Seufzend beugte sich Julianna über ihre Stickerei und schüttelte den Kopf, als sie den fragenden Blick ihrer Freundin Rose bemerkte, die im Handarbeitszirkel neben ihr saß. Rose hatte nach wie vor nur vier Kinder, das jüngste nun schon dreieinhalb Jahre alt. Sie fragte sich, wie um alles in der Welt Rose das anstellte, wo sie doch jeden Samstagabend von Nate besucht wurde. Vielleicht sogar auch öfter, denn Julianna wusste mittlerweile, dass Männer den Vollzug der Ehe als den größten Vorteil einer solchen Verbindung ansahen. Sie hatte Rose schon lange danach fragen wollen, aber nie den Mut gefunden, denn es hätte ja sein können, dass sie all ihre Kinder nach der kleinen Adele verloren hatte. Allerdings hatte sie niemals traurig oder krank gewirkt, hatte keinen Handarbeitszirkel in den letzten Jahren verpasst. Julianna konnte das Gespräch, das sie vor langer Zeit mit Rose geführt hatte, einfach nicht vergessen. Es war, als rankte sich ein großes Geheimnis um den Vollzug der Ehe, dessen Ergründung so vieles leichter machte. Von der fast unvorstellbaren Möglichkeit, Matthew zu Willen zu sein und trotzdem kein Kind zu empfangen, mal ganz abgesehen. Es musste etwas geben und wenn sie sich überwand und das Geheimnis lüftete, dann … konnte alles nur besser werden. Nachdenklich betrachtete sie die Zwillinge, die auf einer Patchworkdecke auf dem Boden zu ihren Füßen lagen. Sie musste mit Rose reden, und sich gegebenenfalls aufrichtig entschuldigen, wenn sie ihr zu nahe trat.

»Gehen wir zum gemütlichen Teil über, meine Damen!«, rief Mrs. Wyman und klatschte in die Hände, beendete damit die Handarbeitszeit und läutete den gemeinsamen Kaffeeklatsch ein, der Hauptgrund, weshalb die meisten Frauen überhaupt teilnahmen.

»Kann ich alleine mit dir sprechen, Rose?«, fragte Julianna leise und Rose nickte: »Natürlich.

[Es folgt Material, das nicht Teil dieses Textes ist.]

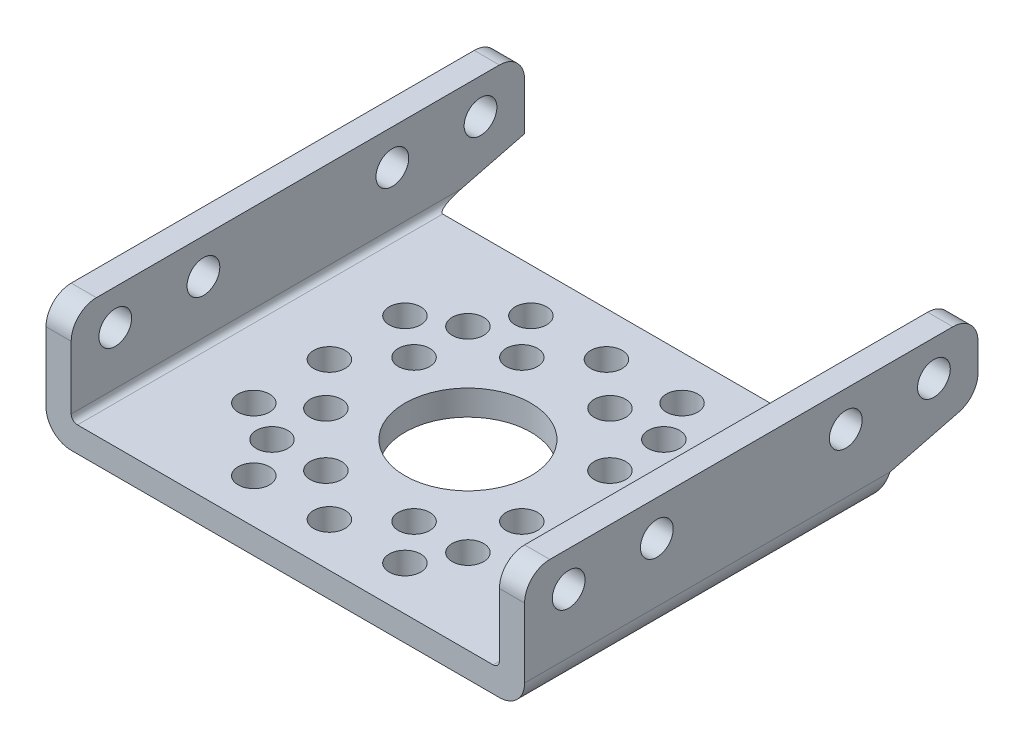
from build123d import *

# Parameters (mm, degrees)
SKETCH_1_W               = 38
SKETCH_1_H               = 29
EXTRUDE_1_DEPTH          = 2
SKETCH_2_W               = 2
SKETCH_2_H               = 36
EXTRUDE_2_DEPTH          = 7.5
SKETCH_3_R               = 5
SKETCH_3_R_2             = 1.25
CUT_EXTRUDE_1_DEPTH      = 8.5
CUT_EXTRUDE_1_DEPTH_BACK = 3
SKETCH_4_R               = 1.3
CUT_EXTRUDE_2_DEPTH      = 39
CUT_EXTRUDE_3_DEPTH      = 39
FILLET_1_R               = 2
FILLET_3_R               = 0.5
FILLET_4_R               = 2


with BuildPart() as part:
    # 스케치1 → 보스-돌출1 (new body)
    with BuildSketch(Plane(origin=(0, 0, 0), x_dir=(1, 0, 0), z_dir=(0, 1, 0))):
        with Locations((19, 14.5)):
            Rectangle(SKETCH_1_W, SKETCH_1_H)
    extrude(amount=EXTRUDE_1_DEPTH)

    # 스케치2 → 보스-돌출2 (add)
    with BuildSketch(Plane(origin=(0, 2, 0), x_dir=(1, 0, 0), z_dir=(0, 1, 0))):
        with Locations((1, 18)):
            Rectangle(SKETCH_2_W, SKETCH_2_H)
        with Locations((37, 18)):
            Rectangle(SKETCH_2_W, SKETCH_2_H)
    extrude(amount=EXTRUDE_2_DEPTH)

    # 스케치3 → 컷-돌출1 (cut, two sides)
    with BuildSketch(Plane(origin=(0, 2, 0), x_dir=(1, 0, 0), z_dir=(0, 1, 0))) as cut_extrude_1_sk:
        with Locations((19, 14.5)):
            Circle(SKETCH_3_R)
        with Locations((19, 25.5)):
            Circle(SKETCH_3_R_2)
        with Locations((26.778174593, 22.278174593)):
            Circle(SKETCH_3_R_2)
        with Locations((30, 14.5)):
            Circle(SKETCH_3_R_2)
        with Locations((26.778174593, 6.721825407)):
            Circle(SKETCH_3_R_2)
        with Locations((19, 3.5)):
            Circle(SKETCH_3_R_2)
        with Locations((11.221825407, 6.721825407)):
            Circle(SKETCH_3_R_2)
        with Locations((8, 14.5)):
            Circle(SKETCH_3_R_2)
        with Locations((11.221825407, 22.278174593)):
            Circle(SKETCH_3_R_2)
        with Locations((13, 25.5)):
            Circle(SKETCH_3_R_2)
        with Locations((25, 25.5)):
            Circle(SKETCH_3_R_2)
        with Locations((30, 20.5)):
            Circle(SKETCH_3_R_2)
        with Locations((30, 8.5)):
            Circle(SKETCH_3_R_2)
        with Locations((25, 3.5)):
            Circle(SKETCH_3_R_2)
        with Locations((13, 3.5)):
            Circle(SKETCH_3_R_2)
        with Locations((8, 8.5)):
            Circle(SKETCH_3_R_2)
        with Locations((8, 20.5)):
            Circle(SKETCH_3_R_2)
        with Locations((15.5, 22.278174593)):
            Circle(SKETCH_3_R_2)
        with Locations((22.5, 22.278174593)):
            Circle(SKETCH_3_R_2)
        with Locations((26.778174593, 18)):
            Circle(SKETCH_3_R_2)
        with Locations((26.778174593, 11)):
            Circle(SKETCH_3_R_2)
        with Locations((22.5, 6.721825407)):
            Circle(SKETCH_3_R_2)
        with Locations((15.5, 6.721825407)):
            Circle(SKETCH_3_R_2)
        with Locations((11.221825407, 11)):
            Circle(SKETCH_3_R_2)
        with Locations((11.221825407, 18)):
            Circle(SKETCH_3_R_2)
    extrude(amount=CUT_EXTRUDE_1_DEPTH, mode=Mode.SUBTRACT)
    extrude(cut_extrude_1_sk.sketch, amount=-CUT_EXTRUDE_1_DEPTH_BACK, mode=Mode.SUBTRACT)

    # 스케치4 → 컷-돌출2 (cut, through all)
    with BuildSketch(Plane(origin=(38, 0, 0), x_dir=(0, 0, -1), z_dir=(1, 0, 0))):
        with Locations((3.5, 6.7)):
            Circle(SKETCH_4_R)
        with Locations((25.5, 6.7)):
            Circle(SKETCH_4_R)
        with Locations((10.5, 6.7)):
            Circle(SKETCH_4_R)
        with Locations((32.5, 6.7)):
            Circle(SKETCH_4_R)
    extrude(amount=-CUT_EXTRUDE_2_DEPTH, mode=Mode.SUBTRACT)

    # 스케치5 → 컷-돌출3 (cut, through all)
    with BuildSketch(Plane(origin=(38, 0, 0), x_dir=(0, 0, -1), z_dir=(1, 0, 0))):
        Polygon((36, 3.77094162), (29, 2), (36, 2), align=None)
        Polygon((29, 2), (28.116343093, 0), (29, 0), align=None)
    extrude(amount=-CUT_EXTRUDE_3_DEPTH, mode=Mode.SUBTRACT)

    # 필렛1
    fillet_1_edges = [part.edges().sort_by_distance(p)[0] for p in [
        (1, 9.5, -36),
        (1, 9.5, 0),
        (37, 3.77094162, -36),
        (37, 9.5, 0),
        (37, 9.5, -36),
    ]]
    fillet(fillet_1_edges, radius=FILLET_1_R)

    # 필렛3
    fillet_3_edges = [part.edges().sort_by_distance(p)[0] for p in [
        (2, 2, -14.5),
        (36, 2, -14.5),
    ]]
    fillet(fillet_3_edges, radius=FILLET_3_R)

    # 필렛4
    fillet_4_edges = [part.edges().sort_by_distance(p)[0] for p in [
        (0, 0, -14.058171546),
        (38, 0, -14.058171546),
    ]]
    fillet(fillet_4_edges, radius=FILLET_4_R)


solid = part.part

Setzen wir uns dort hinten ins Eck, da sind wir ungestört.«

Sie zeigte in die Richtung und Julianna lächelte nervös, packte ihre Handarbeit in den Korb und überlegte, ob sie Emma und Daniel einfach auf der Decke liegen lassen sollte. Beide Kinder waren gerade sehr zufrieden und erkundeten gegenseitig ihre Gesichter. Emma prustete, als ihr Bruder sie am Ohr zog und Julianna lächelte abermals, diesmal von Herzen. Sie liebte ihre Kinder, jedes einzelne. Aber noch mehr bekommen? Sie war sich unsicher, ob sie das schaffte. Ihr Blick fiel auf den Stuhl, auf dem Barbara immer gesessen hatte. Vier Wochen zuvor hatte man sie beerdigt, Seite an Seite mit dem Sohn, dessen Geburt weder Mutter noch Baby überlebt hatten. Cody Miller trank seitdem rund um die Uhr und Julianna war – so grausam es klang – heilfroh, dass Barbara ihren Mann los war. Die älteren Kinder waren bei Barbaras Familie untergekommen, sodass nichts und niemand mehr zwischen Cody und der völligen Selbstzerstörung stand. Julianna empfand Angst, noch größere Angst als jemals zuvor. Sie wusste genau, dass die Geburt der Zwillinge um ein Haar zu ihrem Tod geführt hätte. Ob es an Matthews innigen Gebeten lag oder an ihrem Lebenswillen und daran, dass der Schöpfer noch keine Verwendung für sie hatte –, Julianna war am Leben und wollte es auch gerne bleiben.

Die Frauen stürmten die Kaffeetafel und der Geräuschpegel stieg. Mattie organisierte seinen Geschwistern eine Handvoll Plätzchen und verzog sich dann mit ihnen und ein paar anderen Kindern, darunter Adele, in eine Ecke, um zu teilen.

»Was hast du auf dem Herzen?«, fragte Rose, hakte sich bei Julianna unter und führte sie zu dem besagten Tisch.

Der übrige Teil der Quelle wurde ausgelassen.